In this video, I’ll talk about how to formulate
the traveling salesman problem and its applications. An example of the typical traveling salesman
problem is described as follows. Joe owns business in 5 Cities.
At the end of each year he must take a tour to visit each of these cities exactly once
and come back to the city he starts. We want to find the best order of visiting
so that the total distance traveled will be minimized.
The traveling salesman problem is a combinatorial optimization problem and it has a finite number
of feasible solutions. Here is the distance matrix.
For example, from city 1 to city 2, the distance is c12=132 miles; from city 1 to city 3 the
distance is c13=217 miles, and so on. From city 1 to city 1, the distance c11=0.
However, we don’t want to make unnecessary travels from one city directly to itself because
we may get trapped in this city forever when we are trying to solve this problem. So we
assign a large positive number M, which represents a large penalty, to this element in the distance
matrix. The distance matrix is also called the cost
matrix sometimes and the elements represent the relevant traveling cost from one city
to another. A TSP is symmetric if the distance or cost
from i to j is equal to the distance or cost from j to i.
Otherwise, the problem is asymmetric. This situation may happen if from city i to city
j is just a one way road, and the returning trip has to take a different route.
We can formulate the TSP as a IP problem. Let’s defined the decision variables.
xij=1 if Joe travels from city i to city j; xij=0 otherwise, for i ≠ j, i, j=1,
2, …, N. N is the number of the cities. We also need to define an auxiliary variable
ui for each city i. This is a minimization problem. The objective
function is the total distance traveled. So it is the sum of the distance for each section
of the tour. The first constraint ensures that we must
arrive at a city just once. The second constraint ensures that we must
leave a city just once. The last constraint ensures there is no subtour.

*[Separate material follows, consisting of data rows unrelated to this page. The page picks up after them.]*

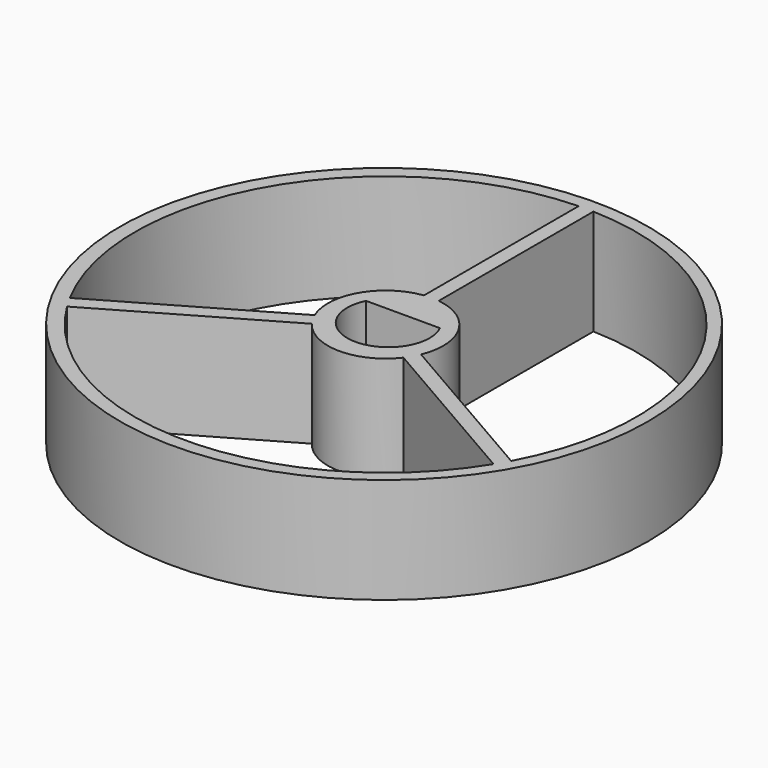
from build123d import *

# Parameters (mm, degrees)
F0_R     = 25
F1_DEPTH = 10


# Not quite as in the source:
# - a feature names something its author has since deleted; it is built from what else it names


with BuildPart() as f1:
    # F0 (on Top) → F1 (new body)
    with BuildSketch(Plane.XY):
        with Locations((-0.1409200142, -0.0023476887)):
            Circle(F0_R)
        with BuildLine():
            ThreePointArc((0.7, 23.7306175986), (17.033068856, 16.5380402997), (23.7409395688, 0))
            ThreePointArc((23.7409395688, 0), (23.0200904836, -5.8058286004), (20.9013176879, -11.2590910166))
            ThreePointArc((20.9013176879, -11.2590910166), (20.5602567763, -11.8704697844), (20.2013176879, -12.4715265819))
            ThreePointArc((20.2013176879, -12.4715265819), (0, -23.7409395688), (-20.2013176879, -12.4715265819))
            ThreePointArc((-20.2013176879, -12.4715265819), (-20.5602567763, -11.8704697844), (-20.9013176879, -11.2590910166))
            ThreePointArc((-20.9013176879, -11.2590910166), (-20.5602567763, 11.8704697844), (-0.7, 23.7306175986))
            ThreePointArc((-0.7, 23.7306175986), (0, 23.7409395688), (0.7, 23.7306175986))
        make_face(mode=Mode.SUBTRACT)
        with BuildLine():
            ThreePointArc((5.4607696164, 0), (4.1013743754, 3.6053755749), (0.7, 5.4157183091))
            ThreePointArc((0.7, 5.4157183091), (0.3507241153, 5.4494951508), (0, 5.4607696164))
            ThreePointArc((0, 5.4607696164), (-0.3507241153, 5.4494951508), (-0.7, 5.4157183091))
            ThreePointArc((-0.7, 5.4157183091), (-4.729165212, 2.7303848082), (-5.0401496354, -2.1016413719))
            ThreePointArc((-5.0401496354, -2.1016413719), (-4.8947632961, -2.4210115818), (-4.729165212, -2.7303848082))
            ThreePointArc((-4.729165212, -2.7303848082), (-4.5440391807, -3.028483569), (-4.3401496354, -3.3140769372))
            ThreePointArc((-4.3401496354, -3.3140769372), (0, -5.4607696164), (4.3401496354, -3.3140769372))
            ThreePointArc((4.3401496354, -3.3140769372), (4.5440391807, -3.028483569), (4.729165212, -2.7303848082))
            ThreePointArc((4.729165212, -2.7303848082), (4.8947632961, -2.4210115818), (5.0401496354, -2.1016413719))
            ThreePointArc((5.0401496354, -2.1016413719), (5.354582187, -1.0716596503), (5.4607696164, 0))
        make_face()
        with BuildLine():
            Line((-3.4987264855, 2.0612527399), (0, 2.0612527399))
            Line((0, 2.0612527399), (3.4987264855, 2.0612527399))
            ThreePointArc((3.4987264855, 2.0612527399), (0, -3.5618006487), (-3.4987264855, 2.0612527399))
        make_face(mode=Mode.SUBTRACT)
        with BuildLine():
            Line((-5.0401496354, -2.1016413719), (-20.9013176879, -11.2590910166))
            ThreePointArc((-20.9013176879, -11.2590910166), (-20.5602567763, -11.8704697844), (-20.2013176879, -12.4715265819))
            Line((-20.2013176879, -12.4715265819), (-4.3401496354, -3.3140769372))
            ThreePointArc((-4.3401496354, -3.3140769372), (-4.5440391807, -3.028483569), (-4.729165212, -2.7303848082))
            ThreePointArc((-4.729165212, -2.7303848082), (-4.8947632961, -2.4210115818), (-5.0401496354, -2.1016413719))
        make_face()
        with BuildLine():
            Line((0.7, 5.4157183091), (0.7, 23.7306175986))
            ThreePointArc((0.7, 23.7306175986), (0, 23.7409395688), (-0.7, 23.7306175986))
            Line((-0.7, 23.7306175986), (-0.7, 5.4157183091))
            ThreePointArc((-0.7, 5.4157183091), (-0.3507241153, 5.4494951508), (0, 5.4607696164))
            ThreePointArc((0, 5.4607696164), (0.3507241153, 5.4494951508), (0.7, 5.4157183091))
        make_face()
        with BuildLine():
            ThreePointArc((20.2013176879, -12.4715265819), (20.5602567763, -11.8704697844), (20.9013176879, -11.2590910166))
            Line((20.9013176879, -11.2590910166), (5.0401496354, -2.1016413719))
            ThreePointArc((5.0401496354, -2.1016413719), (4.8947632961, -2.4210115818), (4.729165212, -2.7303848082))
            ThreePointArc((4.729165212, -2.7303848082), (4.5440391807, -3.028483569), (4.3401496354, -3.3140769372))
            Line((4.3401496354, -3.3140769372), (20.2013176879, -12.4715265819))
        make_face()
    extrude(amount=F1_DEPTH)


solid = f1.part

An example of a subtour in a 5-city TSP is that we start from city 1, we go to city 2
and city 3, then we come back to city 1 without covering cities 4 or 5 at all.
For a TSP with N cities, the number of decision variables xij is N times N.
This equation will generate N equality constraints, so is this equation. This one will generate
(N-1) times (N-1) inequality constraints because we need to enumerate i and j from 2 to N.
Therefore, this formulation is very difficult to solve using the branch and bound method
because it involves a large number of decision variables and constraints when N is large.
I’ll introduce two more efficient methods to solve it in later videos.
One direct application of the TSP is to plan your trip to different cities.
There are some online tools that can help you do this.
One such tool can be found at this website, http://gebweb.net/optimap.
You can choose different cities and find the tour with the shortest traveling distance.
For example, I’m trying to find the best tour for seven cities: New York City, Pittsburgh,
Chicago, Washington DC, Boston, Atlanta, and Detroit.
The current order is obviously not optimal because it involves traveling back and forth
from east to west and from north to south. Using this online tool, I find that the best
solution is this: New York City, Boston, Pittsburgh, Detroit, Chicago, Atlanta, Washington DC,
and back to New York City. The duration is 1 day 21 hours and 17 minutes. The total length
is 2946.8 miles. Of course I can also go in the reverse direction
because this is approximately a symmetric TSP.
Another application of the TSP actually has nothing to do with salesmen.
Printed circuit boards have many small holes through which chips and other components are
wired. These holes are required to be made as rapidly
as possible by a moving drill. Finding the most efficient drilling sequence
is a TSP. Okay, that is how to formulate the TSP and
some applications. Thanks for watching.